It had been arranged that we should go to San Gabriel late in the afternoon of Christmas Day.

As the time approached for our departure, I grew more reluctant to leave the ranch. I was still loath to submit to the restraints of a hotel. Had I dared, I would have abandoned the visit. It irritated me to submit heroically to exile from Paradise, but there now seemed no alternative.

The little valise had been packed for hours; the precious evening frock safely folded away in its scented wrappings, together with little bits of finery to be worn at the hotel. Mariposilla, radiant and expectant, counted the moments which delayed our departure.

Even the grandmother was now comfortably restored, having awakened from her long sleep fresh and docile.

No vestige of excuse remained to justify a change in our plans. An ordained agreement of trifles appeared conspiring with Fate.
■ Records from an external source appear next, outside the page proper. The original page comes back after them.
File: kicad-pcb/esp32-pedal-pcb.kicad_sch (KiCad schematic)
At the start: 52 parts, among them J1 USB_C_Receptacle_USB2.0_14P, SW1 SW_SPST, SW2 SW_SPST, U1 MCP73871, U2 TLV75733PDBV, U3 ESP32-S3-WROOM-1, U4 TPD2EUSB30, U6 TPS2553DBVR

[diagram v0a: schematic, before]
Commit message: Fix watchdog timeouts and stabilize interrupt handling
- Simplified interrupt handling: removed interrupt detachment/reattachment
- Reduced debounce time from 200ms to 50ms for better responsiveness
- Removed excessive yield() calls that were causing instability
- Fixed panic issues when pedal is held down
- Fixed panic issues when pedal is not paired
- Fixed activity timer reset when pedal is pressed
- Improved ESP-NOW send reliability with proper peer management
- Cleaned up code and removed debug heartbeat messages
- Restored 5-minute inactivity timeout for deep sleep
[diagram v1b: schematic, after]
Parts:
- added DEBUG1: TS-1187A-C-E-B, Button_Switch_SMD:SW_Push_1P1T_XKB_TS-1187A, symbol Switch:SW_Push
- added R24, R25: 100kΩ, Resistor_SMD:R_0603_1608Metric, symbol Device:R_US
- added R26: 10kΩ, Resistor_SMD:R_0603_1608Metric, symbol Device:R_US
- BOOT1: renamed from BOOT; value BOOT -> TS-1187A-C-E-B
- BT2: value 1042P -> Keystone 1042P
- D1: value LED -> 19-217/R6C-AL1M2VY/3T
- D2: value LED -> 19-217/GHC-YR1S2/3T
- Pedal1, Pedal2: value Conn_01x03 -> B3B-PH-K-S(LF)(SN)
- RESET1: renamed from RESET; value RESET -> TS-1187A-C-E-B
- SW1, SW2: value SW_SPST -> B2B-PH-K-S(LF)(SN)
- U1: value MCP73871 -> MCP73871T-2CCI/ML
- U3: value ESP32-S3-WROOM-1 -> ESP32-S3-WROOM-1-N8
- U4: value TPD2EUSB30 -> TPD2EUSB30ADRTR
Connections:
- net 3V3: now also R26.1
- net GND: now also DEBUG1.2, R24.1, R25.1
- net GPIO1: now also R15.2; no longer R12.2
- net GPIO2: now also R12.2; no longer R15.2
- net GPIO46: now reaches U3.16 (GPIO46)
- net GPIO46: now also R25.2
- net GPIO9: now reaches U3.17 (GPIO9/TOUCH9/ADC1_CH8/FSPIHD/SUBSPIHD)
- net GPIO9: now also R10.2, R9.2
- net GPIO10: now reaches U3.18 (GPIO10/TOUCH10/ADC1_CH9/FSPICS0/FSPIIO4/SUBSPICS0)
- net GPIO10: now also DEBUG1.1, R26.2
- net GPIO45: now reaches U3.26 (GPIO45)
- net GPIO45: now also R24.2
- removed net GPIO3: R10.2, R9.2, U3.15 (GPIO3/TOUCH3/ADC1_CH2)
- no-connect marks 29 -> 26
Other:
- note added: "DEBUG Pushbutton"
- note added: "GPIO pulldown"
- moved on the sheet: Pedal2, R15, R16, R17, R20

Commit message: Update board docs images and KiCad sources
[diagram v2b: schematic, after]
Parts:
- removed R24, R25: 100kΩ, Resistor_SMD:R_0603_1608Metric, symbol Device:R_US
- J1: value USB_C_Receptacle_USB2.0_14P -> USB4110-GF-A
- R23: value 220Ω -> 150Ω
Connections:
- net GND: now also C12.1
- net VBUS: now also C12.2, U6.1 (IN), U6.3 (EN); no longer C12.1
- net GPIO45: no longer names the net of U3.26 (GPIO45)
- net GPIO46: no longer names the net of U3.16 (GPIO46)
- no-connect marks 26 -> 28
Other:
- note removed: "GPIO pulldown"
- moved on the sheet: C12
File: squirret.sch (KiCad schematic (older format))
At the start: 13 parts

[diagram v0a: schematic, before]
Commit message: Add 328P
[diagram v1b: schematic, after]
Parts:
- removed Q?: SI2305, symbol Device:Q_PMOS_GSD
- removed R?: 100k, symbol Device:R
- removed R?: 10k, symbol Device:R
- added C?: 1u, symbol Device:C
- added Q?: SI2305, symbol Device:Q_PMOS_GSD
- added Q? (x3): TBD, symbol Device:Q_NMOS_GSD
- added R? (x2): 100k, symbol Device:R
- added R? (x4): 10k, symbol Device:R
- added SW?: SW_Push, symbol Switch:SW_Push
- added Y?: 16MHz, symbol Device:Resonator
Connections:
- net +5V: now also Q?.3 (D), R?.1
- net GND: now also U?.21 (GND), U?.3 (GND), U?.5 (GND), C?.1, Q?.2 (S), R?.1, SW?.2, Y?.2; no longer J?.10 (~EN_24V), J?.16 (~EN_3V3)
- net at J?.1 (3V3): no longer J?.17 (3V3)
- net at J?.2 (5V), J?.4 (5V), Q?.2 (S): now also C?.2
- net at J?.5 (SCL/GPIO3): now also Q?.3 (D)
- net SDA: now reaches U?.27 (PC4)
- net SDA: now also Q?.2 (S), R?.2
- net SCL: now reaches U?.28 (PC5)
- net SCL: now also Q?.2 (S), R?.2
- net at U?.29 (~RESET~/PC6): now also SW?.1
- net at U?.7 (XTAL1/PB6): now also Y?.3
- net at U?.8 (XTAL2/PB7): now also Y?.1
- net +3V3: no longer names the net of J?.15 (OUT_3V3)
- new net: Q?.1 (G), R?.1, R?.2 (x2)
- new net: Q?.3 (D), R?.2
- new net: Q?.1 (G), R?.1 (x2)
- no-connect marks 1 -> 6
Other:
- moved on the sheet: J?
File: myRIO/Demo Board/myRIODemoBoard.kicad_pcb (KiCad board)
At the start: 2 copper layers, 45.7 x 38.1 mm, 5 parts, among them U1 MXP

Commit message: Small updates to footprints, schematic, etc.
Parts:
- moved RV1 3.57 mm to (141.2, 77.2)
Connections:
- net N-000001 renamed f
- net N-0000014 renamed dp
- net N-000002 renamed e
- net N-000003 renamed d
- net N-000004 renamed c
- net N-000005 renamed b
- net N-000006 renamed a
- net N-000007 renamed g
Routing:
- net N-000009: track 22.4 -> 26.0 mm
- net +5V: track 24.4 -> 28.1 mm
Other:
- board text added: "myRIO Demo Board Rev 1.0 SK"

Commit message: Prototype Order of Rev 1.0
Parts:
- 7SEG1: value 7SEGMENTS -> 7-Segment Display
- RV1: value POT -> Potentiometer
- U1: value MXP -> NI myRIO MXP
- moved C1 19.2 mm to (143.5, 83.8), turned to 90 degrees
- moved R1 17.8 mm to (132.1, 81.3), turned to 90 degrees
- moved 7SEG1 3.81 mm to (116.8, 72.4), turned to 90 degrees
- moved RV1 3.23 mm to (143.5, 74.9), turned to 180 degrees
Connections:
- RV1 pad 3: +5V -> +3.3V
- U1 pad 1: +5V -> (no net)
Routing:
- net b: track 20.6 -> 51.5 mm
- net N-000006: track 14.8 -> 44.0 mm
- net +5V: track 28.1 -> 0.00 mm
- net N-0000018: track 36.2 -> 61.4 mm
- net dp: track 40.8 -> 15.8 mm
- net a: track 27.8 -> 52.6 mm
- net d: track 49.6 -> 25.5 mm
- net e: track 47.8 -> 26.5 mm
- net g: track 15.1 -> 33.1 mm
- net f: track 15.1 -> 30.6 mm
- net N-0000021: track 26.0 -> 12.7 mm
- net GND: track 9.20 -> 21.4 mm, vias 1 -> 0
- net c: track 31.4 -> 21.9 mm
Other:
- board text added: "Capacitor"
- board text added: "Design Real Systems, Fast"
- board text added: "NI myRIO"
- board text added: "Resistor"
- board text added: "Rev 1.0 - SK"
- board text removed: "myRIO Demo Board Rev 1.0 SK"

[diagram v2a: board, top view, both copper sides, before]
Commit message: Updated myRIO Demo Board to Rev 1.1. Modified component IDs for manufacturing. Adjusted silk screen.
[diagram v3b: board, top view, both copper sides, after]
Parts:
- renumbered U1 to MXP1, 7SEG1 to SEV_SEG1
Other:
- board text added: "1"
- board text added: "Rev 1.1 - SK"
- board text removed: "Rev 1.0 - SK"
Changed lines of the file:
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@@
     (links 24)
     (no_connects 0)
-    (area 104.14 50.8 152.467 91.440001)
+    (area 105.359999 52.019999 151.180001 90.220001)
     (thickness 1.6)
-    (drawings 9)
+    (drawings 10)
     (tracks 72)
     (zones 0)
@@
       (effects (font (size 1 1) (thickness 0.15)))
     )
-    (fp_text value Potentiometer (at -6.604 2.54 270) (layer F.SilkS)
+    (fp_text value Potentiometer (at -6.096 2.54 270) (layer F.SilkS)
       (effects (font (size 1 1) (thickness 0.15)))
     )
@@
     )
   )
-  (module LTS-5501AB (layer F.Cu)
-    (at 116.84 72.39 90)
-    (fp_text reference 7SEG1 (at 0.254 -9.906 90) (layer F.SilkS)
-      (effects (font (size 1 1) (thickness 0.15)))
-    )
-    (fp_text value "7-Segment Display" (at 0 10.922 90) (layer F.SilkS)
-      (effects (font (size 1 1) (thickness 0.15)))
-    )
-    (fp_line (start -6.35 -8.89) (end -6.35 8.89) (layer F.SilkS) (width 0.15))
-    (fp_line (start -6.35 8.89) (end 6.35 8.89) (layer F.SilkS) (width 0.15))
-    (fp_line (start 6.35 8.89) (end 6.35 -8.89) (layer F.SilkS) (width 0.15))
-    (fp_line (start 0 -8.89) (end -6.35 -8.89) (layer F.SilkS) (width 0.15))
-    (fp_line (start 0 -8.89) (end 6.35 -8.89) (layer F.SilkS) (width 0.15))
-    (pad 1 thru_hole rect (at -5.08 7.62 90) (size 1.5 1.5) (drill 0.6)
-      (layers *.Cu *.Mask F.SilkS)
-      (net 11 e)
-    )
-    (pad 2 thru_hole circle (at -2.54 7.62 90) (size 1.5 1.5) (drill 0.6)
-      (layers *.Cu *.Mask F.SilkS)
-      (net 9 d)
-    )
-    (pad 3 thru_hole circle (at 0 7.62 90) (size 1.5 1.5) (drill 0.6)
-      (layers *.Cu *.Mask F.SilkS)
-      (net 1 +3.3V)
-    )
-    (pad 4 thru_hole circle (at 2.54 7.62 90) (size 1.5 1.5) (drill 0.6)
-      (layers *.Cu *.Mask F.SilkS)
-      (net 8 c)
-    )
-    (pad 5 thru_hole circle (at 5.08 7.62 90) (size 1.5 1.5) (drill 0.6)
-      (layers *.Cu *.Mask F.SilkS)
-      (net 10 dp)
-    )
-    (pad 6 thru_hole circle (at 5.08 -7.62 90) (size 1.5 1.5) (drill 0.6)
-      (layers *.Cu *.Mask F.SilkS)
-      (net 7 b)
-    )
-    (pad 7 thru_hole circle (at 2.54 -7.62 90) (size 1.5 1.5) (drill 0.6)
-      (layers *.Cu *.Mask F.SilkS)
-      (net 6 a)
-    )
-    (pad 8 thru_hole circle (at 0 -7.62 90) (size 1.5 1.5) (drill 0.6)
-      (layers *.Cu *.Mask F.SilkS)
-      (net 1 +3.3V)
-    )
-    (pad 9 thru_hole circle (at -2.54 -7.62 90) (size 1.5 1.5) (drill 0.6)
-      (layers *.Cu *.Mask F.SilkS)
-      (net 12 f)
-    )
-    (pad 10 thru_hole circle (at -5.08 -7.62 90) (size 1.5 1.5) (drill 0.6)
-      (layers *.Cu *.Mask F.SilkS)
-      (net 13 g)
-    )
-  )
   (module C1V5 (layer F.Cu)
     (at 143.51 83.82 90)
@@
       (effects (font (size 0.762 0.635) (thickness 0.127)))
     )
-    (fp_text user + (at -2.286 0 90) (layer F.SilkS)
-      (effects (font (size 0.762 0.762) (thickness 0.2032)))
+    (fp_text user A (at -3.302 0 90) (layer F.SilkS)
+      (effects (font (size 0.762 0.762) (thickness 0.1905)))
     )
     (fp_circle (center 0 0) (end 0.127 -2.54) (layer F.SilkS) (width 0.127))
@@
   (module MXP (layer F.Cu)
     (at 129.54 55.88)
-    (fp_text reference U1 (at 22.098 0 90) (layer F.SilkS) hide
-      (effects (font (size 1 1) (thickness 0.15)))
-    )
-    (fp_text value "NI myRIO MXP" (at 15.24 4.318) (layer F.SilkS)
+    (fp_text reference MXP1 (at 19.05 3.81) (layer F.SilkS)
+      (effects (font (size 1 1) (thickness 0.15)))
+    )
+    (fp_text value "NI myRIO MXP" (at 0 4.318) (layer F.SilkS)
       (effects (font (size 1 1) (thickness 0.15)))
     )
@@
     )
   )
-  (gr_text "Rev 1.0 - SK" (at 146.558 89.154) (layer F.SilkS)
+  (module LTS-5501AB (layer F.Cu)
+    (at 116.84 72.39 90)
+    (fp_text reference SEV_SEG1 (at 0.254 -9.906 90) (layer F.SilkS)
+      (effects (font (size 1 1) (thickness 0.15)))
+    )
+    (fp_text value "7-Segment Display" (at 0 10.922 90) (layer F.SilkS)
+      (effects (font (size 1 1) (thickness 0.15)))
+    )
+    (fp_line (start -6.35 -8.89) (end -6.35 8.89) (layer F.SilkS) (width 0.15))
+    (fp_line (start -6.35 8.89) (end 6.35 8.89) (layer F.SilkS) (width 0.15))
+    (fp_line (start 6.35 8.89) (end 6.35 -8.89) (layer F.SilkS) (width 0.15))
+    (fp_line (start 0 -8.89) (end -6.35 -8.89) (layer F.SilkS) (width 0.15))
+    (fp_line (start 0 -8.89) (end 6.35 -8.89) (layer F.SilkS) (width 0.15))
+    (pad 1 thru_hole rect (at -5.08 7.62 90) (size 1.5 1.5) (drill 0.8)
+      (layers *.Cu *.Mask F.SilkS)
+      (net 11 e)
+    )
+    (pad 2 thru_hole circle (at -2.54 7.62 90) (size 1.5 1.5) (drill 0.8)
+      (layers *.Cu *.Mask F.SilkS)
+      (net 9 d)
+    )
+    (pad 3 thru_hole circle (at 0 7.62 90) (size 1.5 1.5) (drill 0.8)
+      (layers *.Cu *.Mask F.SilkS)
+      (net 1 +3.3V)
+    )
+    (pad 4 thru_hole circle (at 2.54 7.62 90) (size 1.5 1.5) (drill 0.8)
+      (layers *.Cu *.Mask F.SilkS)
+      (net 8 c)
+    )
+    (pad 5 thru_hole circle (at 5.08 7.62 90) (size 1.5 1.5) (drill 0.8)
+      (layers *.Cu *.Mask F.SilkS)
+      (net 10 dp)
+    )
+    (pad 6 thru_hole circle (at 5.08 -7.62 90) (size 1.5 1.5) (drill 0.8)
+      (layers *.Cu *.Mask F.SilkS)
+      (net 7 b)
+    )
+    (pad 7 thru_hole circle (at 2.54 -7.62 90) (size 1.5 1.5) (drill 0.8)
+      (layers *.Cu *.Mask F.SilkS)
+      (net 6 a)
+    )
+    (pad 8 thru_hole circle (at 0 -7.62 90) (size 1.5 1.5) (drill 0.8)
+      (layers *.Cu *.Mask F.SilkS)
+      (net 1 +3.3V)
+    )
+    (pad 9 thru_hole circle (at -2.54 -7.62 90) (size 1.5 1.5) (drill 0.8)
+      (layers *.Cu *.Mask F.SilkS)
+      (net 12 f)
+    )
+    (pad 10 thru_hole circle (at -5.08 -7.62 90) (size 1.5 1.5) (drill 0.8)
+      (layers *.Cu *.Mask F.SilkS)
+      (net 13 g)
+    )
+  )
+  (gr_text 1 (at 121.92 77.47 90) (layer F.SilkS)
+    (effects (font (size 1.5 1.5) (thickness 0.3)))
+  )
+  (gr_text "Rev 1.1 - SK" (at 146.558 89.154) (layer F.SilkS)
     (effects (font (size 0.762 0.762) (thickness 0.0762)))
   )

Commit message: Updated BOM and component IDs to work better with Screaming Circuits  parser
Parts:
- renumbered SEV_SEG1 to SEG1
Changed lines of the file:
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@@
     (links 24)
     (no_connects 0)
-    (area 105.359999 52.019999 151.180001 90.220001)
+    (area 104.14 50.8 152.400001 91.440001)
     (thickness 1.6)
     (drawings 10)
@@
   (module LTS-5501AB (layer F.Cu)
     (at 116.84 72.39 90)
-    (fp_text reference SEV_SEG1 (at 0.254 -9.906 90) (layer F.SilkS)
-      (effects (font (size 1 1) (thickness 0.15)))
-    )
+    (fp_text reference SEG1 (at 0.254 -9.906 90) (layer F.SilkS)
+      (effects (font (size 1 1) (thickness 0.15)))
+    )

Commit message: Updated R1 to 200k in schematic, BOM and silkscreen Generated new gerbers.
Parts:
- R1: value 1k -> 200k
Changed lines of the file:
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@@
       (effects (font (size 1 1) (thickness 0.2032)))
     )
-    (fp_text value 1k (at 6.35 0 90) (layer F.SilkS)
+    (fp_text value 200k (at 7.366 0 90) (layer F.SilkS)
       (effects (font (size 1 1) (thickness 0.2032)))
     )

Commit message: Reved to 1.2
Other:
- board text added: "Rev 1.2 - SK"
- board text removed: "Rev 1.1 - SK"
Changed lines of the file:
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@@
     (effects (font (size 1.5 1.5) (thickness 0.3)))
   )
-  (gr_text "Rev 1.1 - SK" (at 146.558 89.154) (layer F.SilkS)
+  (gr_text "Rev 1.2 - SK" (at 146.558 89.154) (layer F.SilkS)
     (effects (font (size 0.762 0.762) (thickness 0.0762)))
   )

As we bade farewell to the Doña Maria, I found it impossible to resist the unhappy presentiments which thronged our departure.

When we drove away with Sidney and passed between the great century plants, a sudden fear seized my vacillating will. I knew in an instant that I dreaded the possible consequences of what I had undertaken.

In the front seat of the trap, with Sidney, sat Mariposilla, transformed by excessive happiness and conventional garb into another creature. Never again would she be the child she had been even that same morning, when she had romped upon the Bermuda grass with Marjorie, flushed with pleasure over her Christmas trifles. Now another flush was upon her cheeks, another light shone in her eyes; for, even as I looked, Mariposilla had bidden farewell forever to the restraints of her simple, beautiful childhood.

Had I created a scene by turning back in our journey into the world, it is hardly possible that I could have obviated the difficulties of Mariposilla's emancipation from the life she had determined to escape.

As I continued to face the responsibilities of her case I grew more tranquil. I reasoned that it was perhaps best not to resist the unmistakable leadings of Fate, which seemed to point to a destiny for the girl different from the one desired by the Doña Maria. Her remarkable beauty, the truly good blood which ran in her veins, to say nothing of her laudable ambition and determination not to accept a husband dictated by the priest or her relatives, justified me in the belief that she had outgrown the old life, which was now each day growing more and more intolerable.